*WHAT TO DO*.
No output is needed beyond the number of lines in the listing that contain the word "ezdxf".

*THE INPUT*.
※ ※ ※
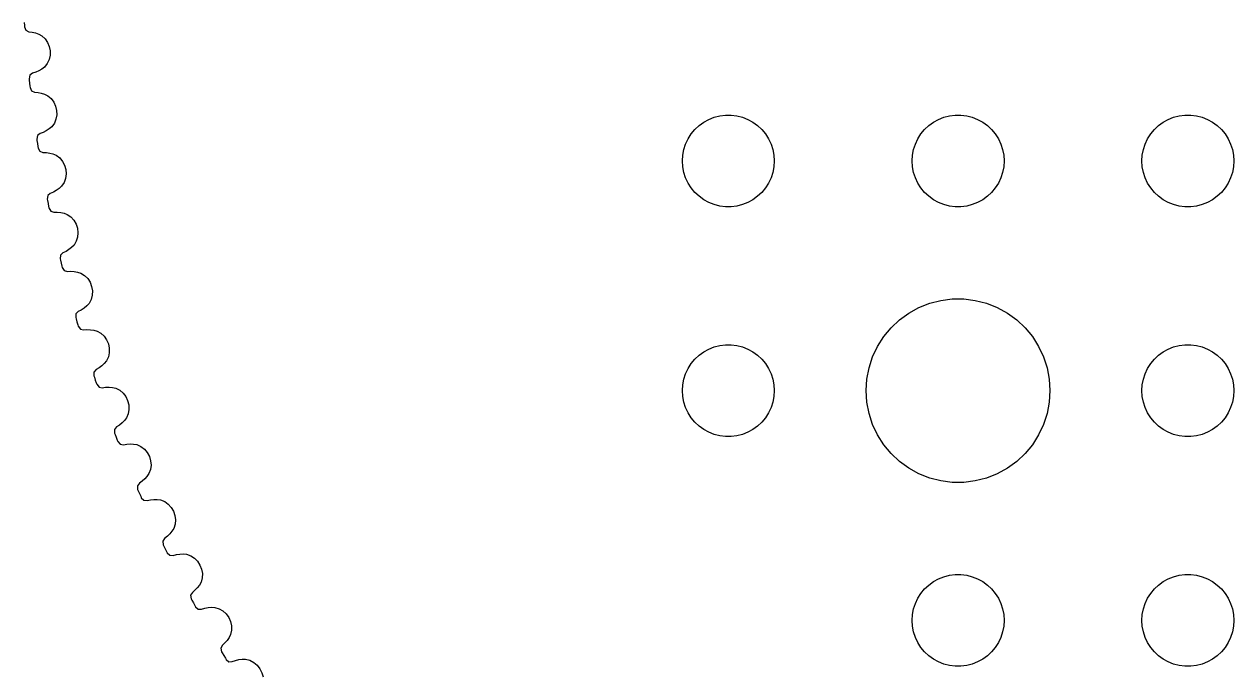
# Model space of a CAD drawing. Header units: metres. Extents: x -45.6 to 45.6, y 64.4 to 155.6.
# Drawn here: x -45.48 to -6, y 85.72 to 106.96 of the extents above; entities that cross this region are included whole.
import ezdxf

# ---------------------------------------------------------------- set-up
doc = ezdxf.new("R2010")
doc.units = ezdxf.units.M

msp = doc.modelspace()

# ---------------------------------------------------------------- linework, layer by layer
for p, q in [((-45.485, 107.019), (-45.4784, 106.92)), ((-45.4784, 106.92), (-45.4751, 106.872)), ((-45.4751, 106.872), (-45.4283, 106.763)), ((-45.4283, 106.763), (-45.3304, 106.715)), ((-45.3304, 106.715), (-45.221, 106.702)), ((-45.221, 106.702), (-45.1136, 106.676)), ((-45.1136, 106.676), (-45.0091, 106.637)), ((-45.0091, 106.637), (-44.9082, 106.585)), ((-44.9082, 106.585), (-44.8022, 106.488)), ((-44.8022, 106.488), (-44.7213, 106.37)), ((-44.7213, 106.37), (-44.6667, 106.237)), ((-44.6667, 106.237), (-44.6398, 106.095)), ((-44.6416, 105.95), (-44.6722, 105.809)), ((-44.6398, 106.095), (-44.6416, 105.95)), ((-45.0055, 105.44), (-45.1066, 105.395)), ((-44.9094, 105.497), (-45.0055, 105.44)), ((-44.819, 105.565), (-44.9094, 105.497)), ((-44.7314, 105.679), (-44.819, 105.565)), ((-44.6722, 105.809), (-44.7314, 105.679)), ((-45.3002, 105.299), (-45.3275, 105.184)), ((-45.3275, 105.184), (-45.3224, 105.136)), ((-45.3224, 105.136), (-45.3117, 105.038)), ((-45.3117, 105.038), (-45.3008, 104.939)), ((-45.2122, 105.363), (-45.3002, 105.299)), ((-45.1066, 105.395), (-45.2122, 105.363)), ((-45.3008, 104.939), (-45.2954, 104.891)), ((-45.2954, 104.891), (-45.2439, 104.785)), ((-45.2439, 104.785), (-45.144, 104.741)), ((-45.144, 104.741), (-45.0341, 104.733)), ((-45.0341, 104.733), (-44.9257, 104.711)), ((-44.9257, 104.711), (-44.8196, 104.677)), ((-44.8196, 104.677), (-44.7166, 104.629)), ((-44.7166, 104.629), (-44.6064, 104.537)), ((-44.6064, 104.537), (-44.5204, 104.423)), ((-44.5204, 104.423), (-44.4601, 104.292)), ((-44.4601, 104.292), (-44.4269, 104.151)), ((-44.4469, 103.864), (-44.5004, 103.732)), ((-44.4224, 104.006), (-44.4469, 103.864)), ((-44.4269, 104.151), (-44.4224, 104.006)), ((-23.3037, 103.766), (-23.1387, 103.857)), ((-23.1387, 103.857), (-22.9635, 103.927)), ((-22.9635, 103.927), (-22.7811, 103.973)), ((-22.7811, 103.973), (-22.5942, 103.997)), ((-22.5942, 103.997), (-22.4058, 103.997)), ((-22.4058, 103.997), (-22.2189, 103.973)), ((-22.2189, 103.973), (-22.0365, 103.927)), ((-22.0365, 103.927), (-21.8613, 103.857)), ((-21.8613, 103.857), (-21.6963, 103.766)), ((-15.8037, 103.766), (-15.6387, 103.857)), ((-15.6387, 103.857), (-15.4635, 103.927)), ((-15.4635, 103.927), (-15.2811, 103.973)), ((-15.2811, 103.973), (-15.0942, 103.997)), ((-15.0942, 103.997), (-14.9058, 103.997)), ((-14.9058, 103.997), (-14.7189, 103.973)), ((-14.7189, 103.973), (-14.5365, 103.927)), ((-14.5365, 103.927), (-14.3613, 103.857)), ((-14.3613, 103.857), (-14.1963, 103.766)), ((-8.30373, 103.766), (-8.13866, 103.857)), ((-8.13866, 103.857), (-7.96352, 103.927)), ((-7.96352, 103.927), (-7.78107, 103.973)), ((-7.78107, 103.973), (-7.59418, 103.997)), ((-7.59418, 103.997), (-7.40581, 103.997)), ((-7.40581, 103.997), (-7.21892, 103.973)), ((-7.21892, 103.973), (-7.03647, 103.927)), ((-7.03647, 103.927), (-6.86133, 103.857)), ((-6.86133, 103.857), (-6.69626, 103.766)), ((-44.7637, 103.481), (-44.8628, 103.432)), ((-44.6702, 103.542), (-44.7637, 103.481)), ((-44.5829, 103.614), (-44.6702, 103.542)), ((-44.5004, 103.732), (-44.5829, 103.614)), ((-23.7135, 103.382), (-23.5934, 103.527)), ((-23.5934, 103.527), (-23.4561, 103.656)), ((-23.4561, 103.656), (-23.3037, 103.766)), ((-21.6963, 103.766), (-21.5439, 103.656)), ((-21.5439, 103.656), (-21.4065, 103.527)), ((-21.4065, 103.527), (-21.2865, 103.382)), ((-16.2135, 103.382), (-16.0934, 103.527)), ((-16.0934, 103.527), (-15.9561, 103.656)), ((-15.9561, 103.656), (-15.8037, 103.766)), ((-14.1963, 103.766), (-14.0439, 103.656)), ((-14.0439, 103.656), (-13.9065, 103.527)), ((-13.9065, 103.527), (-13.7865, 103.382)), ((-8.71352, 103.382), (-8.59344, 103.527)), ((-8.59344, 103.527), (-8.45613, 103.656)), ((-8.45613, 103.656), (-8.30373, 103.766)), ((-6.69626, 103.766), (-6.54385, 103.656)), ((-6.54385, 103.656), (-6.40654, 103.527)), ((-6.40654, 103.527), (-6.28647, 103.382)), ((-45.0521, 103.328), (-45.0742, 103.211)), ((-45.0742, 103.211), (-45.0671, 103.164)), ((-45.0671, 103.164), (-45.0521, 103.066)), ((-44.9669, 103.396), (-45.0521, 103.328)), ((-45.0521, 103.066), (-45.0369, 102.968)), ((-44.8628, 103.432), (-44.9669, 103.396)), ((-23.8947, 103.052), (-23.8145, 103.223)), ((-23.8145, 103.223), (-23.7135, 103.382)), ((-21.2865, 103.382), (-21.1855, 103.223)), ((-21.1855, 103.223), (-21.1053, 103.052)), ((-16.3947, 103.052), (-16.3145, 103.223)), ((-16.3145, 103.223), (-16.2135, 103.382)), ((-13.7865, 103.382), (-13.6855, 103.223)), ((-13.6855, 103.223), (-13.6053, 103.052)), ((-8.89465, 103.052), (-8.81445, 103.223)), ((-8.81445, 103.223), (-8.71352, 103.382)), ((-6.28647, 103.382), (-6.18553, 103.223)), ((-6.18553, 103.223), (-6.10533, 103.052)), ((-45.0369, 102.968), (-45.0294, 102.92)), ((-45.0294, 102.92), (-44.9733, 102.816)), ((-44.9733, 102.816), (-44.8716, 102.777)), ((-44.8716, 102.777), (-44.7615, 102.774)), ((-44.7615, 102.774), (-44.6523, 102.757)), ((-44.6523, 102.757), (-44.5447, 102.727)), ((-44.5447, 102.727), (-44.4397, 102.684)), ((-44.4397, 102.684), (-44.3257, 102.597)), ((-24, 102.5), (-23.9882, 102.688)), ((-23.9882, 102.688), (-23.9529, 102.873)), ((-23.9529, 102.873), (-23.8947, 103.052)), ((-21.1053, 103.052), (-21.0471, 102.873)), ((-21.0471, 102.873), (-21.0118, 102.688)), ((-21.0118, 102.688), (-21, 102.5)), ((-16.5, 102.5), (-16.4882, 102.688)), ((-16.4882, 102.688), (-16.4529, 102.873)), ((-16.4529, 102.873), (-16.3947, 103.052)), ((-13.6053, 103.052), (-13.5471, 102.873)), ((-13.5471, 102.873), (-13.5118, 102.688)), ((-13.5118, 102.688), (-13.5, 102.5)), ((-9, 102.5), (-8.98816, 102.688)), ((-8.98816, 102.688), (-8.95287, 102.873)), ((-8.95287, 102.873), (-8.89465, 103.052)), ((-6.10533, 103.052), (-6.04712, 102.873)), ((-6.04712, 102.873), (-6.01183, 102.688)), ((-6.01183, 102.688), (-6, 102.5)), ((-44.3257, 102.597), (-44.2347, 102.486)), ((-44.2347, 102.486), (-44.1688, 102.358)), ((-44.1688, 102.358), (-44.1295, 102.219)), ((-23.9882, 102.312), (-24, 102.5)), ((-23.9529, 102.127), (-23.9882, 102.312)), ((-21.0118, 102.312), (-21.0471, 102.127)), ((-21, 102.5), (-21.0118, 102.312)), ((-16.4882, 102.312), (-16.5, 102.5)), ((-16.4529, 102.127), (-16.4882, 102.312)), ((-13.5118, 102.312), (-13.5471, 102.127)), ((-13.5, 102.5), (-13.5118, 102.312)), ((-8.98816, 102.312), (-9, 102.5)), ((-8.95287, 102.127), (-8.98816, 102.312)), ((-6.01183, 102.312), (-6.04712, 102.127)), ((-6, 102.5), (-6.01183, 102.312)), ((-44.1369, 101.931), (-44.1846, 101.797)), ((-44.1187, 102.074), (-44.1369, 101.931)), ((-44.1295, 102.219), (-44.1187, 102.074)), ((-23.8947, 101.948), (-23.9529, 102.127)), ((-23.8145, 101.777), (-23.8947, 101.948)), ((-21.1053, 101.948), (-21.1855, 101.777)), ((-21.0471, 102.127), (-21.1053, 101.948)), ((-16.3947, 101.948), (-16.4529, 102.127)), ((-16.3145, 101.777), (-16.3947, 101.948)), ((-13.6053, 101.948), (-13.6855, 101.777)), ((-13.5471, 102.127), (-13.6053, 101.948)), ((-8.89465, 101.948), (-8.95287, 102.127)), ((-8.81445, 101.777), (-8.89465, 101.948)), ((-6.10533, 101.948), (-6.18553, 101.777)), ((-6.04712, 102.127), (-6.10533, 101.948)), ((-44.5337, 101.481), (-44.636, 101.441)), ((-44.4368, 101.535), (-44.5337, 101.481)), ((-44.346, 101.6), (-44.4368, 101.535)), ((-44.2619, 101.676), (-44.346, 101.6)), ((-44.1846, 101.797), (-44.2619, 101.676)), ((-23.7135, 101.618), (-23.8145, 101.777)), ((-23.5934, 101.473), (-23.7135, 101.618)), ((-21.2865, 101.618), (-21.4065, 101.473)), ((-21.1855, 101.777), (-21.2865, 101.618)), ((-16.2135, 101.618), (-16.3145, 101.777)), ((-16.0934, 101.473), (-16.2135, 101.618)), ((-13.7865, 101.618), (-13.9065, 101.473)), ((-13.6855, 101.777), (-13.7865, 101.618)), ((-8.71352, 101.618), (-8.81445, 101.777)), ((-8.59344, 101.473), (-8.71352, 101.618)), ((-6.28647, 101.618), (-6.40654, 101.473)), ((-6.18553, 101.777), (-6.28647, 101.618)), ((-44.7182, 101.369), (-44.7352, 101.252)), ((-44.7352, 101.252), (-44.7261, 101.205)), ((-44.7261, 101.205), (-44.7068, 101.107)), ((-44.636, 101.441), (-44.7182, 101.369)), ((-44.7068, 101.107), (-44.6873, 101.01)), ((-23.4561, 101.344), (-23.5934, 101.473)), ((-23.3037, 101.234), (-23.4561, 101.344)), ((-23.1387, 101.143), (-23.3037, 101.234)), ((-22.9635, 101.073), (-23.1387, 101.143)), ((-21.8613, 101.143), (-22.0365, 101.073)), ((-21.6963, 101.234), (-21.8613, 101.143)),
※ ※ ※
*WRITTEN RESPONSE*.
3